__What the task requires__: What you return must be every line from the beginning of the data through the line holding "- housing and screws", unchanged.

[[ Data open ]]

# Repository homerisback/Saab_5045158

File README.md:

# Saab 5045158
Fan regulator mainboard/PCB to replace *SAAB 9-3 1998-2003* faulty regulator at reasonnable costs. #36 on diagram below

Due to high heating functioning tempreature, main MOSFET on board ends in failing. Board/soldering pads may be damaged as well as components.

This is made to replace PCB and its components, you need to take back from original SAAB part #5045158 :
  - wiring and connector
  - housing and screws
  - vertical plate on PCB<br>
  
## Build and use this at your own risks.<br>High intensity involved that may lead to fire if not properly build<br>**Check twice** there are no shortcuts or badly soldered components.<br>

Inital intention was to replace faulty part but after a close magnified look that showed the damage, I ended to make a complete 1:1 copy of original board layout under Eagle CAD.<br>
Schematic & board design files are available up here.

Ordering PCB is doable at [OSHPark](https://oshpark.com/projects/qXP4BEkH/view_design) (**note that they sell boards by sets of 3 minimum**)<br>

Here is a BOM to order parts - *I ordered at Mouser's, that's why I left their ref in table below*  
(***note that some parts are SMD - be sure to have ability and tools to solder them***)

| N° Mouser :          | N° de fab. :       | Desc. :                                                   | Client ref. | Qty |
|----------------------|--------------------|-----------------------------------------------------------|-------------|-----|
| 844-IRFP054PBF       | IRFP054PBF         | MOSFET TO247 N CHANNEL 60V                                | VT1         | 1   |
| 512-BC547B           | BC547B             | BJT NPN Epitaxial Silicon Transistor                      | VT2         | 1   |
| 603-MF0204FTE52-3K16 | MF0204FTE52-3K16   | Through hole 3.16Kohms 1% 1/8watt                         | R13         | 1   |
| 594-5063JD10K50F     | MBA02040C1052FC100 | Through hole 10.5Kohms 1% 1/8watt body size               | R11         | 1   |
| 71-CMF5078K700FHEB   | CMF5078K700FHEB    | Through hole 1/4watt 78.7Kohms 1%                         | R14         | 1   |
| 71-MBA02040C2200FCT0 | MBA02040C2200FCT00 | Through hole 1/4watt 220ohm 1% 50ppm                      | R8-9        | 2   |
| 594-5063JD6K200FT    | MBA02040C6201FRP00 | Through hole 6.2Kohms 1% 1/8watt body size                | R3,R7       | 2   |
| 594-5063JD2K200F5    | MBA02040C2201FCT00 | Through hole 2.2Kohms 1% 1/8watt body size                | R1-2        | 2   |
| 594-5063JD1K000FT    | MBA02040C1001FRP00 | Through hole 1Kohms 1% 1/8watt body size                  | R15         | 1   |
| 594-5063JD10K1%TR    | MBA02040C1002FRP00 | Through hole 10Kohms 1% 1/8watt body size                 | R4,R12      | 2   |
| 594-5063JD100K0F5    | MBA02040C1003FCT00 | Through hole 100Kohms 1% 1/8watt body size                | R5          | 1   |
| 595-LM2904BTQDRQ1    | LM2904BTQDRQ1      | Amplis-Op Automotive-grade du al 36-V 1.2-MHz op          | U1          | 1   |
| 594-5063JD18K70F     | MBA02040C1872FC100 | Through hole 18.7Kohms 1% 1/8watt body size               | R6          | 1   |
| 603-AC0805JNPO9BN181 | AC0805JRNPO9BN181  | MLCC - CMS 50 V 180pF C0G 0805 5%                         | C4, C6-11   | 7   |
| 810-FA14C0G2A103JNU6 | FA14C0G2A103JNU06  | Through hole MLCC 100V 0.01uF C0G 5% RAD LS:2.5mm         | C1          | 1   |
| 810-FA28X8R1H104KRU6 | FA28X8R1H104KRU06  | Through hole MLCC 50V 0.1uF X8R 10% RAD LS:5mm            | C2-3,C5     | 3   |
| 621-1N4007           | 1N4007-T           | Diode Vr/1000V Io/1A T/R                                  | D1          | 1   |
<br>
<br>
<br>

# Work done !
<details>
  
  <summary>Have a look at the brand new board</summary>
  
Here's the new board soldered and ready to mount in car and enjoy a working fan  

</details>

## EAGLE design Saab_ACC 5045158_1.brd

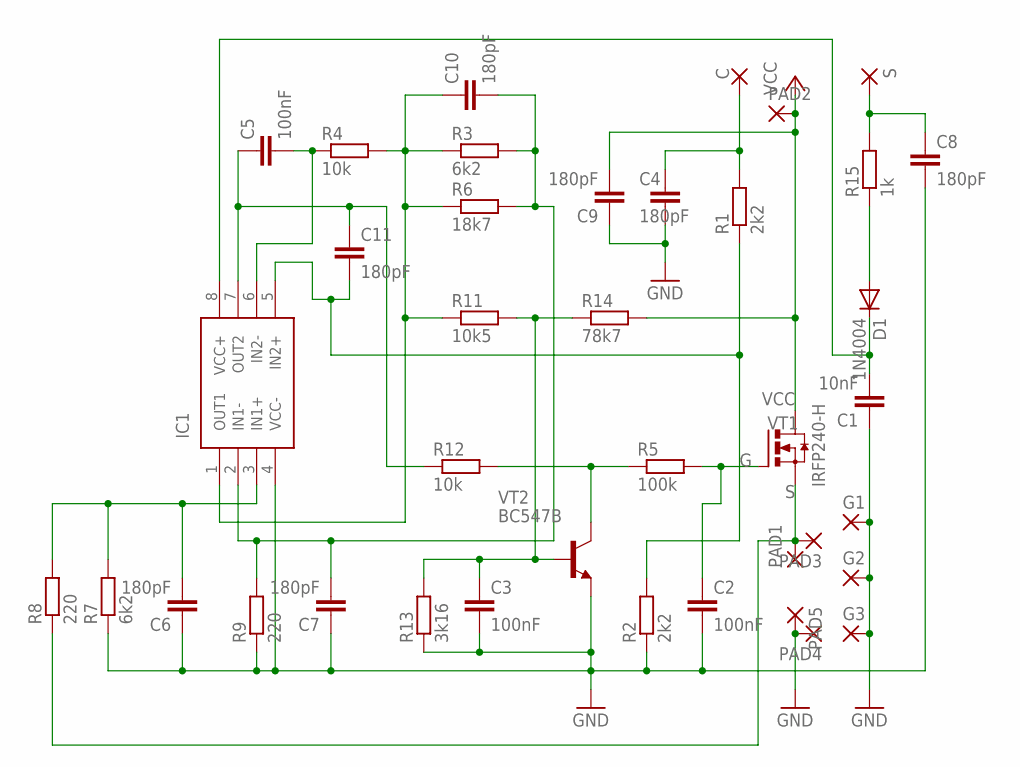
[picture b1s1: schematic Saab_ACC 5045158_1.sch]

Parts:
C: 3,17/1,3
C1: 10nF; C2.5-2
C2, C3, C5: 100nF; C050-024X044
C4, C6, C7, C8, C9, C10, C11: 180pF; C0805K
D1: 1N4004; DO41-10
G1: 3,81/1,4
G2, G3: 3,17/1,3
IC1: LM2904YDT; SOIC127P600X175-8N
PAD1, PAD3, PAD4, PAD5: SMD5; SMD2,54-5,08
PAD2: 3,81/1,4
R1, R2: 2k2; 0204/5
R3, R7: 6k2; 0204/5
R4, R12: 10k; 0204/5
R5: 100k; 0204/5
R6: 18k7; 0207/10
R8, R9: 220; 0204/5
R11: 10k5; 0204/7
R13: 3k16; 0204/7
R14: 78k7; 0204/7
R15: 1k; 0204/5
S: 3,17/1,3
VT1: IRFP240-H; TO247BH
VT2: BC547B; TO92

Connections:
C: C.1, C4.1, R1.2
G: C2.1, R5.2, VT1.G
GND: C1.1, C2.2, C3.2, C4.2, C6.1, C7.1, C8.2, C9.1, G1.1, G2.1, G3.1, IC1.4 (VCC-), PAD4.1, PAD5.1, R2.1, R7.1, R9.1, R13.1, VT2.1 (E)
unnamed: R5.1, R12.2, VT2.3 (C)
unnamed: C5.1, C11.1, IC1.7 (OUT2), R12.1
unnamed: C5.2, IC1.6 (IN2-), R4.1
unnamed: C10.1, IC1.1 (OUT1), R3.1, R4.2, R6.1, R11.1
unnamed: C7.2, C10.2, IC1.2 (IN1-), R3.2, R6.2, R9.2
unnamed: C3.1, R11.2, R13.2, R14.1, VT2.2 (B)
unnamed: C11.2, IC1.5 (IN2+), R1.1, R2.2
unnamed: C6.2, IC1.3 (IN1+), R7.2, R8.2
unnamed: C8.1, R15.2, S.1
unnamed: D1.A, R15.1
unnamed: C1.2, D1.C, IC1.8 (VCC+)
S: PAD1.1, PAD3.1, R8.1, VT1.S
VCC: C9.2, PAD2.1, R14.2, VT1.D

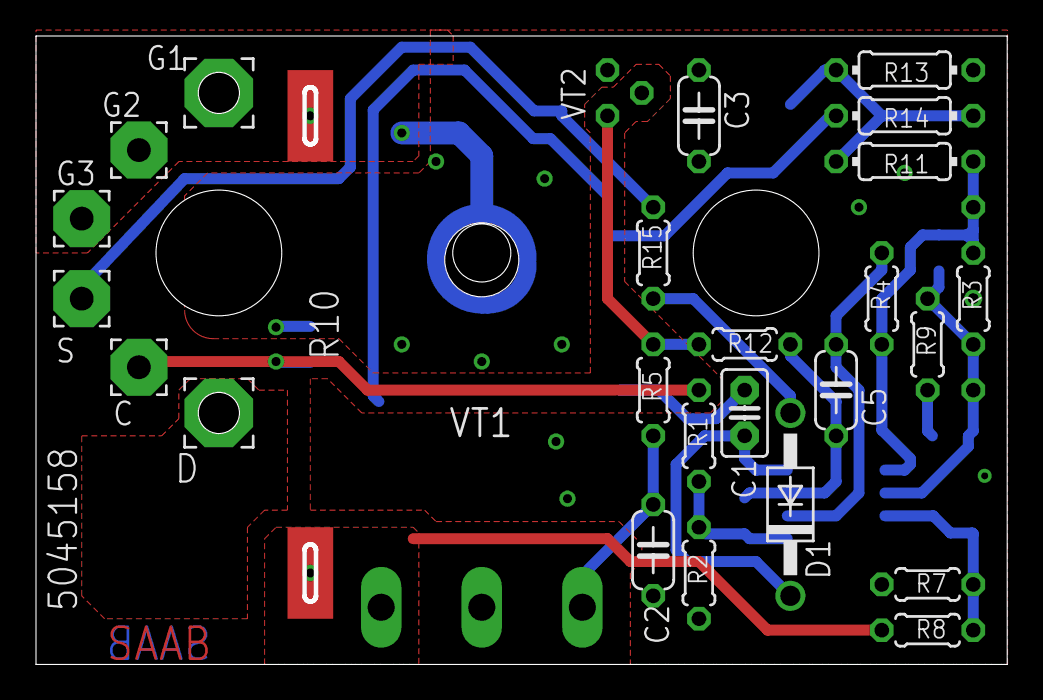
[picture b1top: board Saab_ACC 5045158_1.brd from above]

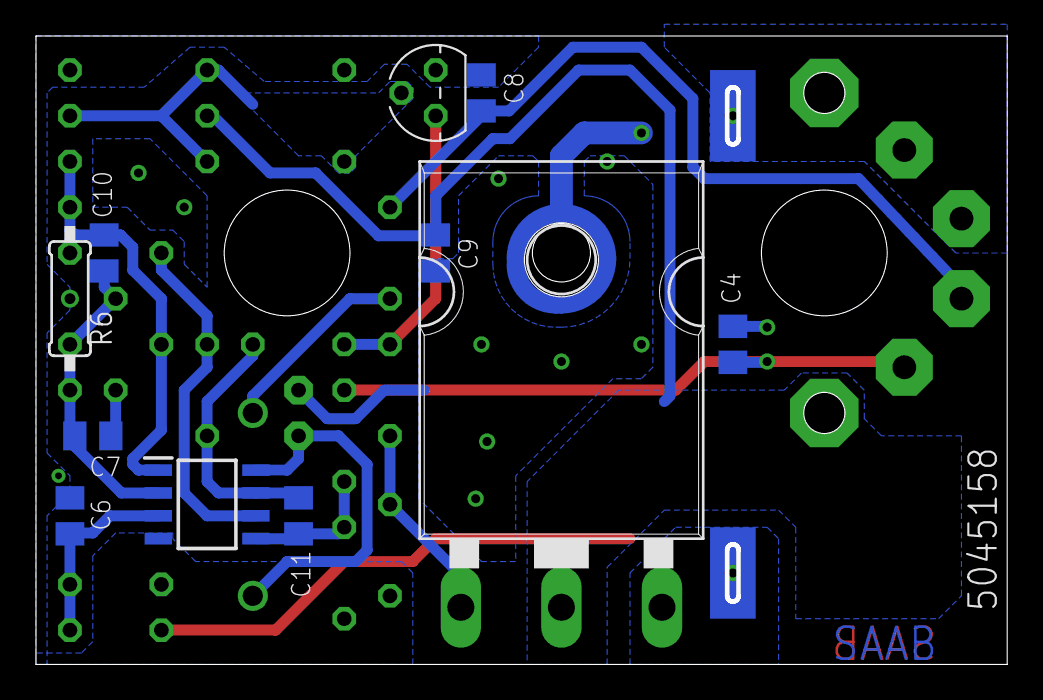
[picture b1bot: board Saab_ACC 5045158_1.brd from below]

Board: 2 copper layers, 53.7 x 34.7 mm, 39 parts (13 on the bottom side), 16 nets.

[[ Data closed ]]

__Output of the exercise__:
# Repository homerisback/Saab_5045158

File README.md:

# Saab 5045158
Fan regulator mainboard/PCB to replace *SAAB 9-3 1998-2003* faulty regulator at reasonnable costs. #36 on diagram below

Due to high heating functioning tempreature, main MOSFET on board ends in failing. Board/soldering pads may be damaged as well as components.

This is made to replace PCB and its components, you need to take back from original SAAB part #5045158 :
  - wiring and connector
  - housing and screws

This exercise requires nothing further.